Description of the task
Starting at the line that has "#33=EDGE_LOOP('',(#32));" and stopping after the line that has "#54=DIRECTION('',(0.,0.,1.));", reproduce the listing below exactly; omit everything else.

+++

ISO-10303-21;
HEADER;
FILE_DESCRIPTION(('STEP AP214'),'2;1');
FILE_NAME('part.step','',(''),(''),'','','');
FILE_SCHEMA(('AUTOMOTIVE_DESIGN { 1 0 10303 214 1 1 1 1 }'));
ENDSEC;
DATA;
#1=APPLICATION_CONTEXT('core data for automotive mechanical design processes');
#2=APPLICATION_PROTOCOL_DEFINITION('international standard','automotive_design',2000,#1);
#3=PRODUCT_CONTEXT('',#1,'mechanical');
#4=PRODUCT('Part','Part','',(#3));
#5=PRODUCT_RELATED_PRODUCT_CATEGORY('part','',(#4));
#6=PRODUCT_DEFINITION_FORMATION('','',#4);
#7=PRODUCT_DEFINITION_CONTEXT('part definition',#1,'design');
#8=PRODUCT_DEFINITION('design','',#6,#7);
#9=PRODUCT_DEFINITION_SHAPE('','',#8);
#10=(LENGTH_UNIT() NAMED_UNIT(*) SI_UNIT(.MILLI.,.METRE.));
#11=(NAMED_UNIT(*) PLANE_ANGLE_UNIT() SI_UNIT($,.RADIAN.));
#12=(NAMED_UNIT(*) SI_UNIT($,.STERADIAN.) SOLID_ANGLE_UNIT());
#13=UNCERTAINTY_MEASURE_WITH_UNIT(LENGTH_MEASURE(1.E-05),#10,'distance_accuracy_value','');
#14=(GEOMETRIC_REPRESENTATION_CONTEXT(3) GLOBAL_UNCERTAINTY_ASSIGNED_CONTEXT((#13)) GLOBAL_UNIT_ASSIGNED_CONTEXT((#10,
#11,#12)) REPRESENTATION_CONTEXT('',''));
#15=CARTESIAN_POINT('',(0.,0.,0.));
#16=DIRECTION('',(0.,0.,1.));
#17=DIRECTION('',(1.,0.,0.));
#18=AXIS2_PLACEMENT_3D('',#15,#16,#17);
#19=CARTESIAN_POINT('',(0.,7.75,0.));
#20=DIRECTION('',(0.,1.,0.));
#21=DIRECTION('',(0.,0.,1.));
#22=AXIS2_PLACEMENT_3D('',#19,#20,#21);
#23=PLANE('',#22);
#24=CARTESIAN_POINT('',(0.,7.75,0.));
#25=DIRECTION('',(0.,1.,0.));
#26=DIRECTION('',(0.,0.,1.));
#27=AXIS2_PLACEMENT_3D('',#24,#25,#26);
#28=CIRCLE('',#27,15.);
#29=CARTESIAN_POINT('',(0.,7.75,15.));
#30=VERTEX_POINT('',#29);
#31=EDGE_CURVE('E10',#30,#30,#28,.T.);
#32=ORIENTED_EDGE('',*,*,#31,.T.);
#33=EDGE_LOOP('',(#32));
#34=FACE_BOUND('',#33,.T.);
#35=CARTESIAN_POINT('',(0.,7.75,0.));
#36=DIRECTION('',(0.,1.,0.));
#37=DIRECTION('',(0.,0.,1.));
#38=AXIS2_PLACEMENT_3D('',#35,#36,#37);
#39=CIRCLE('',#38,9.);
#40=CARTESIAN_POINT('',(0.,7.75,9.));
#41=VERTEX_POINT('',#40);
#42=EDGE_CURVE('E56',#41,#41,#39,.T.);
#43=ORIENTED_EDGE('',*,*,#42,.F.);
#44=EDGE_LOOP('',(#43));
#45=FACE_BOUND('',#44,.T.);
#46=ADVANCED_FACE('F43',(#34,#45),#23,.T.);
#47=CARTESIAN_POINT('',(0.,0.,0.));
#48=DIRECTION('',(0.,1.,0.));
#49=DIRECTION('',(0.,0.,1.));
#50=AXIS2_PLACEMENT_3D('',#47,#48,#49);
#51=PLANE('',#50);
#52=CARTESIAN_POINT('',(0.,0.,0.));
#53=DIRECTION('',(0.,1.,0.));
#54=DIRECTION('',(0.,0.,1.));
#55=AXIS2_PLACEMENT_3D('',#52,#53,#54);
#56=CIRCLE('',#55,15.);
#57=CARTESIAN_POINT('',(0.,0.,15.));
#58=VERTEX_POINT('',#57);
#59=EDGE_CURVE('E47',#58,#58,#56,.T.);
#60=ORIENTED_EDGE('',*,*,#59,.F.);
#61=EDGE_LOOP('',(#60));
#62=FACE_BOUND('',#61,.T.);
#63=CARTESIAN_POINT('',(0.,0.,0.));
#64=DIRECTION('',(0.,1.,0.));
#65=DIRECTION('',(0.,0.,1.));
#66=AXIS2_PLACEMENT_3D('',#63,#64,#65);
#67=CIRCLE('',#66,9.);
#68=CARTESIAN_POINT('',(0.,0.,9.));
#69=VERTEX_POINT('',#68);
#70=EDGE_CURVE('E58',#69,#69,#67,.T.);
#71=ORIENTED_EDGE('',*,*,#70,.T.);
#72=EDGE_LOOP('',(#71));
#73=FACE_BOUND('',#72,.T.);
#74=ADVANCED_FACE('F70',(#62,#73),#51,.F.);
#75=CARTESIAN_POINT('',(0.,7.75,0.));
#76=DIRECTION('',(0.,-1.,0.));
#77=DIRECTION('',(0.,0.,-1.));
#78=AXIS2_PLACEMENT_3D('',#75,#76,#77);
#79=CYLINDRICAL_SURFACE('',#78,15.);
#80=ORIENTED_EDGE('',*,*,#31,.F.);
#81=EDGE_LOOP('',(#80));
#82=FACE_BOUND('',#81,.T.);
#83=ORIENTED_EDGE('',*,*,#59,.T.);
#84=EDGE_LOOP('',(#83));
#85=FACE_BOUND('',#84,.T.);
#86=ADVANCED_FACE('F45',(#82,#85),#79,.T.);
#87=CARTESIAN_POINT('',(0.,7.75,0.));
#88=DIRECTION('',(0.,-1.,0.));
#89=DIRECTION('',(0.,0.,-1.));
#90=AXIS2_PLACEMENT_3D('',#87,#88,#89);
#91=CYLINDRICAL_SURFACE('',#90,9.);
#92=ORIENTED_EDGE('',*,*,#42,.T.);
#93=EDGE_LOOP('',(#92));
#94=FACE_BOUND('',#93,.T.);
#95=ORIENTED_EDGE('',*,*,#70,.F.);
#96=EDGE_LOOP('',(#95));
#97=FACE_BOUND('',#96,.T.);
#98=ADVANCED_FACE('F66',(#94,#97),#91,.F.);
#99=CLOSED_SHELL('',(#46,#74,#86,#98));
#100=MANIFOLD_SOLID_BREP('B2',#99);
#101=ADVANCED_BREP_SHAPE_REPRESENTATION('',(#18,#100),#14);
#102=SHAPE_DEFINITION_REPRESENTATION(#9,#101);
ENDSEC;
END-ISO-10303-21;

+++

Result below
#33=EDGE_LOOP('',(#32));
#34=FACE_BOUND('',#33,.T.);
#35=CARTESIAN_POINT('',(0.,7.75,0.));
#36=DIRECTION('',(0.,1.,0.));
#37=DIRECTION('',(0.,0.,1.));
#38=AXIS2_PLACEMENT_3D('',#35,#36,#37);
#39=CIRCLE('',#38,9.);
#40=CARTESIAN_POINT('',(0.,7.75,9.));
#41=VERTEX_POINT('',#40);
#42=EDGE_CURVE('E56',#41,#41,#39,.T.);
#43=ORIENTED_EDGE('',*,*,#42,.F.);
#44=EDGE_LOOP('',(#43));
#45=FACE_BOUND('',#44,.T.);
#46=ADVANCED_FACE('F43',(#34,#45),#23,.T.);
#47=CARTESIAN_POINT('',(0.,0.,0.));
#48=DIRECTION('',(0.,1.,0.));
#49=DIRECTION('',(0.,0.,1.));
#50=AXIS2_PLACEMENT_3D('',#47,#48,#49);
#51=PLANE('',#50);
#52=CARTESIAN_POINT('',(0.,0.,0.));
#53=DIRECTION('',(0.,1.,0.));
#54=DIRECTION('',(0.,0.,1.));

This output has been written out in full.